Task
Copy, exactly and without additions, every line in the records below from the one holding "#79=CYLINDRICAL_SURFACE('',#78,6.);" through the one holding "#93=DIRECTION('',(1.,0.,0.));", both ends included.

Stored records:
- Opening Delimiter -

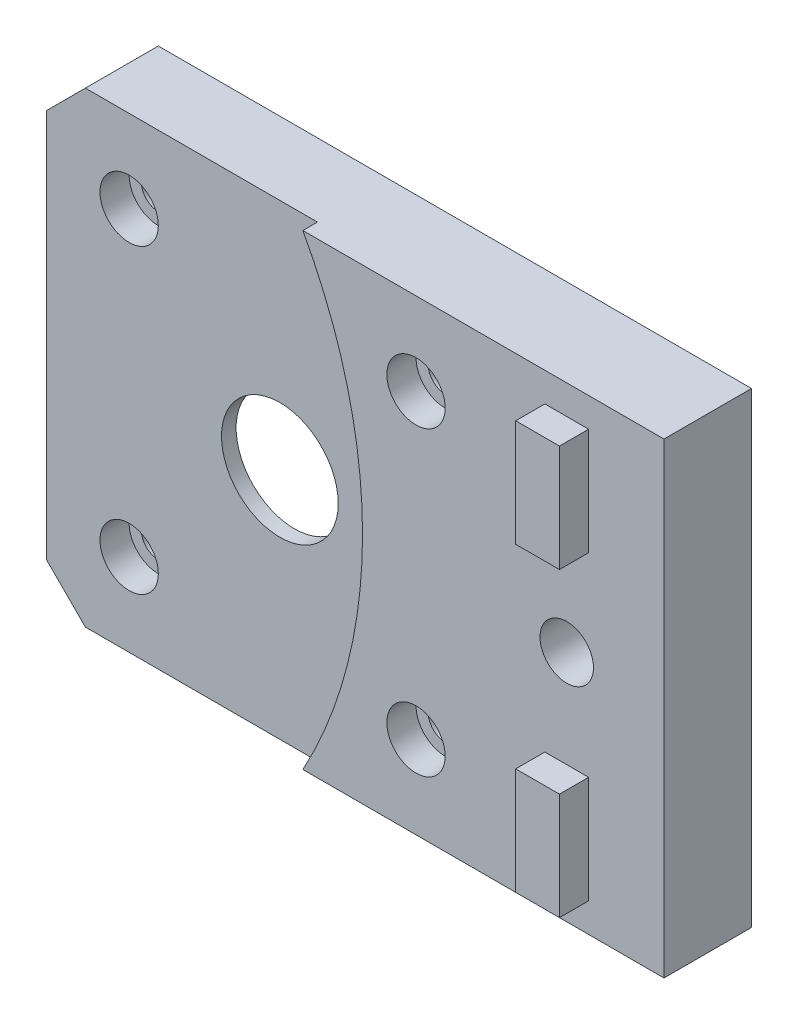
ISO-10303-21;
HEADER;
FILE_DESCRIPTION(('STEP AP214'),'2;1');
FILE_NAME('part.step','',(''),(''),'','','');
FILE_SCHEMA(('AUTOMOTIVE_DESIGN { 1 0 10303 214 1 1 1 1 }'));
ENDSEC;
DATA;
#1=APPLICATION_CONTEXT('core data for automotive mechanical design processes');
#2=APPLICATION_PROTOCOL_DEFINITION('international standard','automotive_design',2000,#1);
#3=PRODUCT_CONTEXT('',#1,'mechanical');
#4=PRODUCT('Part','Part','',(#3));
#5=PRODUCT_RELATED_PRODUCT_CATEGORY('part','',(#4));
#6=PRODUCT_DEFINITION_FORMATION('','',#4);
#7=PRODUCT_DEFINITION_CONTEXT('part definition',#1,'design');
#8=PRODUCT_DEFINITION('design','',#6,#7);
#9=PRODUCT_DEFINITION_SHAPE('','',#8);
#10=(LENGTH_UNIT() NAMED_UNIT(*) SI_UNIT(.MILLI.,.METRE.));
#11=(NAMED_UNIT(*) PLANE_ANGLE_UNIT() SI_UNIT($,.RADIAN.));
#12=(NAMED_UNIT(*) SI_UNIT($,.STERADIAN.) SOLID_ANGLE_UNIT());
#13=UNCERTAINTY_MEASURE_WITH_UNIT(LENGTH_MEASURE(1.E-05),#10,'distance_accuracy_value','');
#14=(GEOMETRIC_REPRESENTATION_CONTEXT(3) GLOBAL_UNCERTAINTY_ASSIGNED_CONTEXT((#13)) GLOBAL_UNIT_ASSIGNED_CONTEXT((#10,
#11,#12)) REPRESENTATION_CONTEXT('',''));
#15=CARTESIAN_POINT('',(0.,0.,0.));
#16=DIRECTION('',(0.,0.,1.));
#17=DIRECTION('',(1.,0.,0.));
#18=AXIS2_PLACEMENT_3D('',#15,#16,#17);
#19=CARTESIAN_POINT('',(-15.4997806436091,15.4997806436091,6.));
#20=DIRECTION('',(0.,0.,-1.));
#21=DIRECTION('',(-1.,0.,0.));
#22=AXIS2_PLACEMENT_3D('',#19,#20,#21);
#23=CYLINDRICAL_SURFACE('',#22,1.75);
#24=CARTESIAN_POINT('',(-15.4997806436091,15.4997806436091,0.));
#25=DIRECTION('',(0.,0.,1.));
#26=DIRECTION('',(1.,0.,0.));
#27=AXIS2_PLACEMENT_3D('',#24,#25,#26);
#28=CIRCLE('',#27,1.75);
#29=CARTESIAN_POINT('',(-13.7497806436091,15.4997806436091,0.));
#30=VERTEX_POINT('',#29);
#31=EDGE_CURVE('E392',#30,#30,#28,.F.);
#32=ORIENTED_EDGE('',*,*,#31,.T.);
#33=EDGE_LOOP('',(#32));
#34=FACE_BOUND('',#33,.T.);
#35=CARTESIAN_POINT('',(-15.4997806436091,15.4997806436091,1.5));
#36=DIRECTION('',(0.,0.,1.));
#37=DIRECTION('',(1.,0.,0.));
#38=AXIS2_PLACEMENT_3D('',#35,#36,#37);
#39=CIRCLE('',#38,1.75);
#40=CARTESIAN_POINT('',(-13.7497806436091,15.4997806436091,1.5));
#41=VERTEX_POINT('',#40);
#42=EDGE_CURVE('E45',#41,#41,#39,.T.);
#43=ORIENTED_EDGE('',*,*,#42,.T.);
#44=EDGE_LOOP('',(#43));
#45=FACE_BOUND('',#44,.T.);
#46=ADVANCED_FACE('F41',(#34,#45),#23,.F.);
#47=CARTESIAN_POINT('',(-15.4997806436091,-15.4997806436091,6.));
#48=DIRECTION('',(0.,0.,-1.));
#49=DIRECTION('',(-1.,0.,0.));
#50=AXIS2_PLACEMENT_3D('',#47,#48,#49);
#51=CYLINDRICAL_SURFACE('',#50,1.75);
#52=CARTESIAN_POINT('',(-15.4997806436091,-15.4997806436091,0.));
#53=DIRECTION('',(0.,0.,1.));
#54=DIRECTION('',(1.,0.,0.));
#55=AXIS2_PLACEMENT_3D('',#52,#53,#54);
#56=CIRCLE('',#55,1.75);
#57=CARTESIAN_POINT('',(-13.7497806436091,-15.4997806436091,0.));
#58=VERTEX_POINT('',#57);
#59=EDGE_CURVE('E396',#58,#58,#56,.F.);
#60=ORIENTED_EDGE('',*,*,#59,.T.);
#61=EDGE_LOOP('',(#60));
#62=FACE_BOUND('',#61,.T.);
#63=CARTESIAN_POINT('',(-15.4997806436091,-15.4997806436091,1.5));
#64=DIRECTION('',(0.,0.,1.));
#65=DIRECTION('',(1.,0.,0.));
#66=AXIS2_PLACEMENT_3D('',#63,#64,#65);
#67=CIRCLE('',#66,1.75);
#68=CARTESIAN_POINT('',(-13.7497806436091,-15.4997806436091,1.5));
#69=VERTEX_POINT('',#68);
#70=EDGE_CURVE('E440',#69,#69,#67,.T.);
#71=ORIENTED_EDGE('',*,*,#70,.T.);
#72=EDGE_LOOP('',(#71));
#73=FACE_BOUND('',#72,.T.);
#74=ADVANCED_FACE('F559',(#62,#73),#51,.F.);
#75=CARTESIAN_POINT('',(0.,0.,6.));
#76=DIRECTION('',(0.,0.,-1.));
#77=DIRECTION('',(-1.,0.,0.));
#78=AXIS2_PLACEMENT_3D('',#75,#76,#77);
#79=CYLINDRICAL_SURFACE('',#78,6.);
#80=CARTESIAN_POINT('',(0.,0.,3.));
#81=DIRECTION('',(0.,0.,1.));
#82=DIRECTION('',(1.,0.,0.));
#83=AXIS2_PLACEMENT_3D('',#80,#81,#82);
#84=CIRCLE('',#83,6.);
#85=CARTESIAN_POINT('',(6.,0.,3.));
#86=VERTEX_POINT('',#85);
#87=EDGE_CURVE('E348',#86,#86,#84,.F.);
#88=ORIENTED_EDGE('',*,*,#87,.T.);
#89=EDGE_LOOP('',(#88));
#90=FACE_BOUND('',#89,.T.);
#91=CARTESIAN_POINT('',(0.,0.,4.5));
#92=DIRECTION('',(0.,0.,1.));
#93=DIRECTION('',(1.,0.,0.));
#94=AXIS2_PLACEMENT_3D('',#91,#92,#93);
#95=CIRCLE('',#94,6.);
#96=CARTESIAN_POINT('',(6.,0.,4.5));
#97=VERTEX_POINT('',#96);
#98=EDGE_CURVE('E214',#97,#97,#95,.T.);
#99=ORIENTED_EDGE('',*,*,#98,.T.);
#100=EDGE_LOOP('',(#99));
#101=FACE_BOUND('',#100,.T.);
#102=ADVANCED_FACE('F565',(#90,#101),#79,.F.);
#103=CARTESIAN_POINT('',(-15.4997806436091,-15.4997806436091,3.));
#104=DIRECTION('',(0.,0.,1.));
#105=DIRECTION('',(1.,0.,0.));
#106=AXIS2_PLACEMENT_3D('',#103,#104,#105);
#107=CYLINDRICAL_SURFACE('',#106,3.);
#108=CARTESIAN_POINT('',(-15.4997806436091,-15.4997806436091,4.5));
#109=DIRECTION('',(0.,0.,1.));
#110=DIRECTION('',(1.,0.,0.));
#111=AXIS2_PLACEMENT_3D('',#108,#109,#110);
#112=CIRCLE('',#111,3.);
#113=CARTESIAN_POINT('',(-12.4997806436091,-15.4997806436091,4.5));
#114=VERTEX_POINT('',#113);
#115=EDGE_CURVE('E476',#114,#114,#112,.F.);
#116=ORIENTED_EDGE('',*,*,#115,.F.);
#117=EDGE_LOOP('',(#116));
#118=FACE_BOUND('',#117,.T.);
#119=CARTESIAN_POINT('',(-15.4997806436091,-15.4997806436091,1.5));
#120=DIRECTION('',(0.,0.,1.));
#121=DIRECTION('',(1.,0.,0.));
#122=AXIS2_PLACEMENT_3D('',#119,#120,#121);
#123=CIRCLE('',#122,3.);
#124=CARTESIAN_POINT('',(-12.4997806436091,-15.4997806436091,1.5));
#125=VERTEX_POINT('',#124);
#126=EDGE_CURVE('E450',#125,#125,#123,.T.);
#127=ORIENTED_EDGE('',*,*,#126,.F.);
#128=EDGE_LOOP('',(#127));
#129=FACE_BOUND('',#128,.T.);
#130=ADVANCED_FACE('F684',(#118,#129),#107,.F.);
#131=CARTESIAN_POINT('',(-15.4997806436091,15.4997806436091,3.));
#132=DIRECTION('',(0.,0.,1.));
#133=DIRECTION('',(1.,0.,0.));
#134=AXIS2_PLACEMENT_3D('',#131,#132,#133);
#135=CYLINDRICAL_SURFACE('',#134,3.);
#136=CARTESIAN_POINT('',(-15.4997806436091,15.4997806436091,4.5));
#137=DIRECTION('',(0.,0.,1.));
#138=DIRECTION('',(1.,0.,0.));
#139=AXIS2_PLACEMENT_3D('',#136,#137,#138);
#140=CIRCLE('',#139,3.);
#141=CARTESIAN_POINT('',(-12.4997806436091,15.4997806436091,4.5));
#142=VERTEX_POINT('',#141);
#143=EDGE_CURVE('E472',#142,#142,#140,.F.);
#144=ORIENTED_EDGE('',*,*,#143,.F.);
#145=EDGE_LOOP('',(#144));
#146=FACE_BOUND('',#145,.T.);
#147=CARTESIAN_POINT('',(-15.4997806436091,15.4997806436091,1.5));
#148=DIRECTION('',(0.,0.,1.));
#149=DIRECTION('',(1.,0.,0.));
#150=AXIS2_PLACEMENT_3D('',#147,#148,#149);
#151=CIRCLE('',#150,3.);
#152=CARTESIAN_POINT('',(-12.4997806436091,15.4997806436091,1.5));
#153=VERTEX_POINT('',#152);
#154=EDGE_CURVE('E443',#153,#153,#151,.T.);
#155=ORIENTED_EDGE('',*,*,#154,.F.);
#156=EDGE_LOOP('',(#155));
#157=FACE_BOUND('',#156,.T.);
#158=ADVANCED_FACE('F616',(#146,#157),#135,.F.);
#159=CARTESIAN_POINT('',(-24.,0.,6.));
#160=DIRECTION('',(-1.,0.,0.));
#161=DIRECTION('',(0.,0.,1.));
#162=AXIS2_PLACEMENT_3D('',#159,#160,#161);
#163=PLANE('',#162);
#164=DIRECTION('',(0.,0.,1.));
#165=VECTOR('',#164,1.);
#166=CARTESIAN_POINT('',(-24.,-20.,6.));
#167=LINE('',#166,#165);
#168=CARTESIAN_POINT('',(-24.,-20.,-3.));
#169=VERTEX_POINT('',#168);
#170=CARTESIAN_POINT('',(-24.,-20.,4.5));
#171=VERTEX_POINT('',#170);
#172=EDGE_CURVE('E432',#169,#171,#167,.T.);
#173=ORIENTED_EDGE('',*,*,#172,.T.);
#174=DIRECTION('',(0.,1.,0.));
#175=VECTOR('',#174,1.);
#176=CARTESIAN_POINT('',(-24.,0.,4.5));
#177=LINE('',#176,#175);
#178=CARTESIAN_POINT('',(-24.,20.,4.5));
#179=VERTEX_POINT('',#178);
#180=EDGE_CURVE('E459',#171,#179,#177,.T.);
#181=ORIENTED_EDGE('',*,*,#180,.T.);
#182=DIRECTION('',(0.,0.,-1.));
#183=VECTOR('',#182,1.);
#184=CARTESIAN_POINT('',(-24.,20.,6.));
#185=LINE('',#184,#183);
#186=CARTESIAN_POINT('',(-24.,20.,-3.));
#187=VERTEX_POINT('',#186);
#188=EDGE_CURVE('E67',#179,#187,#185,.T.);
#189=ORIENTED_EDGE('',*,*,#188,.T.);
#190=DIRECTION('',(0.,1.,0.));
#191=VECTOR('',#190,1.);
#192=CARTESIAN_POINT('',(-24.,0.,-3.));
#193=LINE('',#192,#191);
#194=EDGE_CURVE('E492',#169,#187,#193,.T.);
#195=ORIENTED_EDGE('',*,*,#194,.F.);
#196=EDGE_LOOP('',(#173,#181,#189,#195));
#197=FACE_BOUND('',#196,.T.);
#198=ADVANCED_FACE('F609',(#197),#163,.T.);
#199=CARTESIAN_POINT('',(-20.,-24.,6.));
#200=DIRECTION('',(-0.707106781186549,-0.707106781186546,0.));
#201=DIRECTION('',(0.,0.,1.));
#202=AXIS2_PLACEMENT_3D('',#199,#200,#201);
#203=PLANE('',#202);
#204=DIRECTION('',(0.,0.,-1.));
#205=VECTOR('',#204,1.);
#206=CARTESIAN_POINT('',(-20.,-24.,-3.));
#207=LINE('',#206,#205);
#208=CARTESIAN_POINT('',(-20.,-24.,4.5));
#209=VERTEX_POINT('',#208);
#210=CARTESIAN_POINT('',(-20.,-24.,-3.));
#211=VERTEX_POINT('',#210);
#212=EDGE_CURVE('E421',#209,#211,#207,.T.);
#213=ORIENTED_EDGE('',*,*,#212,.F.);
#214=DIRECTION('',(-0.707106781186546,0.707106781186549,0.));
#215=VECTOR('',#214,1.);
#216=CARTESIAN_POINT('',(-20.,-24.,4.5));
#217=LINE('',#216,#215);
#218=EDGE_CURVE('E465',#209,#171,#217,.T.);
#219=ORIENTED_EDGE('',*,*,#218,.T.);
#220=ORIENTED_EDGE('',*,*,#172,.F.);
#221=DIRECTION('',(-0.707106781186546,0.707106781186549,0.));
#222=VECTOR('',#221,1.);
#223=CARTESIAN_POINT('',(-22.,-21.9999999999999,-3.));
#224=LINE('',#223,#222);
#225=EDGE_CURVE('E427',#211,#169,#224,.T.);
#226=ORIENTED_EDGE('',*,*,#225,.F.);
#227=EDGE_LOOP('',(#213,#219,#220,#226));
#228=FACE_BOUND('',#227,.T.);
#229=ADVANCED_FACE('F607',(#228),#203,.T.);
#230=CARTESIAN_POINT('',(-24.,20.,6.));
#231=DIRECTION('',(0.707106781186546,-0.707106781186549,0.));
#232=DIRECTION('',(0.,0.,-1.));
#233=AXIS2_PLACEMENT_3D('',#230,#231,#232);
#234=PLANE('',#233);
#235=ORIENTED_EDGE('',*,*,#188,.F.);
#236=DIRECTION('',(-0.707106781186549,-0.707106781186546,0.));
#237=VECTOR('',#236,1.);
#238=CARTESIAN_POINT('',(-24.,20.,4.5));
#239=LINE('',#238,#237);
#240=CARTESIAN_POINT('',(-20.,24.,4.5));
#241=VERTEX_POINT('',#240);
#242=EDGE_CURVE('E51',#179,#241,#239,.F.);
#243=ORIENTED_EDGE('',*,*,#242,.T.);
#244=DIRECTION('',(0.,0.,1.));
#245=VECTOR('',#244,1.);
#246=CARTESIAN_POINT('',(-20.,24.,6.));
#247=LINE('',#246,#245);
#248=CARTESIAN_POINT('',(-20.,24.,-3.));
#249=VERTEX_POINT('',#248);
#250=EDGE_CURVE('E436',#249,#241,#247,.T.);
#251=ORIENTED_EDGE('',*,*,#250,.F.);
#252=DIRECTION('',(-0.707106781186549,-0.707106781186546,0.));
#253=VECTOR('',#252,1.);
#254=CARTESIAN_POINT('',(-22.,22.,-3.));
#255=LINE('',#254,#253);
#256=EDGE_CURVE('E424',#187,#249,#255,.F.);
#257=ORIENTED_EDGE('',*,*,#256,.F.);
#258=EDGE_LOOP('',(#235,#243,#251,#257));
#259=FACE_BOUND('',#258,.T.);
#260=ADVANCED_FACE('F43',(#259),#234,.F.);
#261=CARTESIAN_POINT('',(0.,21.,6.));
#262=DIRECTION('',(0.,1.,0.));
#263=DIRECTION('',(0.,0.,1.));
#264=AXIS2_PLACEMENT_3D('',#261,#262,#263);
#265=PLANE('',#264);
#266=DIRECTION('',(0.,0.,-1.));
#267=VECTOR('',#266,1.);
#268=CARTESIAN_POINT('',(33.25,21.,9.));
#269=LINE('',#268,#267);
#270=CARTESIAN_POINT('',(33.25,21.,9.));
#271=VERTEX_POINT('',#270);
#272=CARTESIAN_POINT('',(33.25,21.,6.));
#273=VERTEX_POINT('',#272);
#274=EDGE_CURVE('E325',#271,#273,#269,.T.);
#275=ORIENTED_EDGE('',*,*,#274,.T.);
#276=DIRECTION('',(-1.,0.,0.));
#277=VECTOR('',#276,1.);
#278=CARTESIAN_POINT('',(0.,21.,6.));
#279=LINE('',#278,#277);
#280=CARTESIAN_POINT('',(28.75,21.,6.));
#281=VERTEX_POINT('',#280);
#282=EDGE_CURVE('E261',#273,#281,#279,.T.);
#283=ORIENTED_EDGE('',*,*,#282,.T.);
#284=DIRECTION('',(0.,0.,-1.));
#285=VECTOR('',#284,1.);
#286=CARTESIAN_POINT('',(28.75,21.,9.));
#287=LINE('',#286,#285);
#288=CARTESIAN_POINT('',(28.75,21.,9.));
#289=VERTEX_POINT('',#288);
#290=EDGE_CURVE('E312',#289,#281,#287,.T.);
#291=ORIENTED_EDGE('',*,*,#290,.F.);
#292=DIRECTION('',(-1.,0.,0.));
#293=VECTOR('',#292,1.);
#294=CARTESIAN_POINT('',(33.25,21.,9.));
#295=LINE('',#294,#293);
#296=EDGE_CURVE('E309',#271,#289,#295,.T.);
#297=ORIENTED_EDGE('',*,*,#296,.F.);
#298=EDGE_LOOP('',(#275,#283,#291,#297));
#299=FACE_BOUND('',#298,.T.);
#300=ADVANCED_FACE('F600',(#299),#265,.T.);
#301=CARTESIAN_POINT('',(0.,-21.,6.));
#302=DIRECTION('',(0.,1.,0.));
#303=DIRECTION('',(0.,0.,1.));
#304=AXIS2_PLACEMENT_3D('',#301,#302,#303);
#305=PLANE('',#304);
#306=DIRECTION('',(-1.,0.,0.));
#307=VECTOR('',#306,1.);
#308=CARTESIAN_POINT('',(0.,-21.,6.));
#309=LINE('',#308,#307);
#310=CARTESIAN_POINT('',(33.25,-21.,6.));
#311=VERTEX_POINT('',#310);
#312=CARTESIAN_POINT('',(28.75,-21.,6.));
#313=VERTEX_POINT('',#312);
#314=EDGE_CURVE('E237',#311,#313,#309,.T.);
#315=ORIENTED_EDGE('',*,*,#314,.F.);
#316=DIRECTION('',(0.,0.,-1.));
#317=VECTOR('',#316,1.);
#318=CARTESIAN_POINT('',(33.25,-21.,9.));
#319=LINE('',#318,#317);
#320=CARTESIAN_POINT('',(33.25,-21.,9.));
#321=VERTEX_POINT('',#320);
#322=EDGE_CURVE('E329',#321,#311,#319,.T.);
#323=ORIENTED_EDGE('',*,*,#322,.F.);
#324=DIRECTION('',(1.,0.,0.));
#325=VECTOR('',#324,1.);
#326=CARTESIAN_POINT('',(33.25,-21.,9.));
#327=LINE('',#326,#325);
#328=CARTESIAN_POINT('',(28.75,-21.,9.));
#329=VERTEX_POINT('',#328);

- Closing Delimiter -

Task output
#79=CYLINDRICAL_SURFACE('',#78,6.);
#80=CARTESIAN_POINT('',(0.,0.,3.));
#81=DIRECTION('',(0.,0.,1.));
#82=DIRECTION('',(1.,0.,0.));
#83=AXIS2_PLACEMENT_3D('',#80,#81,#82);
#84=CIRCLE('',#83,6.);
#85=CARTESIAN_POINT('',(6.,0.,3.));
#86=VERTEX_POINT('',#85);
#87=EDGE_CURVE('E348',#86,#86,#84,.F.);
#88=ORIENTED_EDGE('',*,*,#87,.T.);
#89=EDGE_LOOP('',(#88));
#90=FACE_BOUND('',#89,.T.);
#91=CARTESIAN_POINT('',(0.,0.,4.5));
#92=DIRECTION('',(0.,0.,1.));
#93=DIRECTION('',(1.,0.,0.));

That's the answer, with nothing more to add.